To increase confidence in the validity of our conclusions despite the paucity of available hearts, the complementary simulations of Figure 5 and Appendix 2, done with the canonical semi-ellipsoidal heart meshes, explored a range of the phenotype space around the SHAM heart (see Table 1: SHAM). All the cases considered display the same qualitative behavior, with the sensitivity S[EF, LVWT] decreasing with increasing LVWT while S[EF, PCa] and S[EF, [Ca²⁺]₅₀] both increasing. Taken together, these results demonstrate the general pattern that, as LVWT increases, EF becomes less sensitive to variations in LVWT and more sensitive to those of [Ca²⁺]₅₀ and PCa.

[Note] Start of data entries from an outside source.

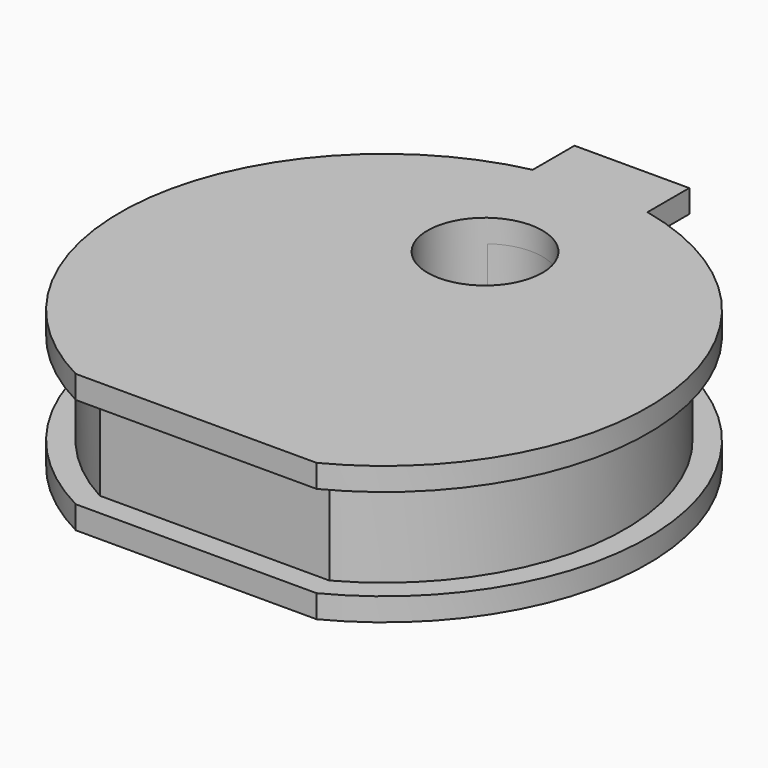
from build123d import *

# Parameters (mm, degrees)
F1_DEPTH      = 4
F4_DEPTH      = 1
F5_DEPTH      = 1
F6_R          = 2.5
F7_DEPTH      = 1.001
F7_DEPTH_BACK = 5.001


with BuildPart() as f1:
    # F0 (on Top) → F1 (new body)
    with BuildSketch(Plane.XY):
        with BuildLine():
            Line((-5, -9.233093), (5, -9.233093))
            ThreePointArc((5, -9.233093), (10.336903, 1.843487), (1.5, 10.392305))
            Line((1.5, 10.392305), (1.5, 7.5))
            ThreePointArc((1.5, 7.5), (2.236068, 6.618034), (2.5, 5.5))
            ThreePointArc((2.5, 5.5), (-1.118034, 3.263932), (-1.5, 7.5))
            Line((-1.5, 7.5), (-1.5, 10.392305))
            ThreePointArc((-1.5, 10.392305), (-10.336903, 1.843487), (-5, -9.233093))
        make_face()
        with BuildLine():
            Line((1.5, 7.5), (1.5, 10.392305))
            ThreePointArc((1.5, 10.392305), (0, 10.5), (-1.5, 10.392305))
            Line((-1.5, 10.392305), (-1.5, 7.5))
            ThreePointArc((-1.5, 7.5), (0, 8), (1.5, 7.5))
        make_face()
        with BuildLine():
            ThreePointArc((-1.5, 10.392305), (0, 10.5), (1.5, 10.392305))
            Line((1.5, 10.392305), (1.5, 12.5))
            Line((1.5, 12.5), (-1.5, 12.5))
            Line((-1.5, 12.5), (-1.5, 10.392305))
        make_face()
    extrude(amount=F1_DEPTH)

    # F2 (on face) → F4 (join)
    with BuildSketch(Plane.XY.offset(4)):
        with BuildLine():
            Line((2.5, 13.5), (-2.5, 13.5))
            Line((-2.5, 13.5), (-2.5, 11.224972))
            ThreePointArc((-2.5, 11.224972), (-11.406892, 1.46042), (-5.247267, -10.233093))
            Line((-5.247267, -10.233093), (5.247267, -10.233093))
            ThreePointArc((5.247267, -10.233093), (11.406892, 1.46042), (2.5, 11.224972))
            Line((2.5, 11.224972), (2.5, 13.5))
        make_face()
    extrude(amount=F4_DEPTH)

    # F3 (on face) → F5 (join)
    with BuildSketch(Plane(origin=(0, 0, 0), x_dir=(1, 0, 0), z_dir=(0, 0, -1))):
        with BuildLine():
            Line((5.247267, 10.233093), (-5.247267, 10.233093))
            ThreePointArc((-5.247267, 10.233093), (-11.406892, -1.46042), (-2.5, -11.224972))
            Line((-2.5, -11.224972), (-2.5, -13.5))
            Line((-2.5, -13.5), (2.5, -13.5))
            Line((2.5, -13.5), (2.5, -11.224972))
            ThreePointArc((2.5, -11.224972), (11.406892, -1.46042), (5.247267, 10.233093))
        make_face()
    extrude(amount=F5_DEPTH)

    # F6 (on Top) → F7 (cut, two sides)
    with BuildSketch(Plane.XY) as f7_sk:
        with Locations((0, 5.5)):
            Circle(F6_R)
    extrude(amount=-F7_DEPTH, mode=Mode.SUBTRACT)
    extrude(f7_sk.sketch, amount=F7_DEPTH_BACK, mode=Mode.SUBTRACT)


solid = f1.part

To our knowledge, the present work constitutes a first attempt to provide a global view of cardiac compensation, within the context of ventricular pressure overload, by considering the anatomical shape and the passive and active mechanical behavior on an equal footing. We conclude that intracellular behavior becomes a more efficient compensatory mechanism than organ-level remodeling as the rat heart responds to the onset of pressure overload. This phenomenon was observed with regard to EF, a traditional indicator of cardiac dysfunction routinely measured in clinical protocols. Although other metrics of cardiac function (e.g., cardiac output and the stroke volume per body weight) directly reflect cardiac efficacy, those metrics are notoriously dependent on temporal and biological factors, and may vary significantly among healthy subjects of the same species, or even, over time, in a given individual (Haxhe and Lammerant, 1964; Ovsyshcher et al., 1993; Collis et al., 2001). Such incidental influences are arguably normalized in EF, allowing a more equitable comparison of different hearts. Furthermore, the EF is preserved at its healthy level in nearly half of heart-failure patients (Sharma and Kass, 2014). One major obstacle in fully understanding this increasingly prevalent condition is the limitation of existing experimental models for highlighting the distinct facets of the disease. Toward meeting this challenge, computational modeling provides an invaluable basis for unifying experimental results and investigating subsystems within an integrative perspective.

AM and JO are co-founders, equity holders and scientific advisors to Insilicomed Inc., a licensee of UCSD software used in this research. This relationship has been disclosed to the University of California San Diego and is overseen by an independent conflict of interest management subcommittee appointed by the university. The other authors declare that the research was conducted in the absence of any commercial or financial relationships that could be construed as a potential conflict of interest.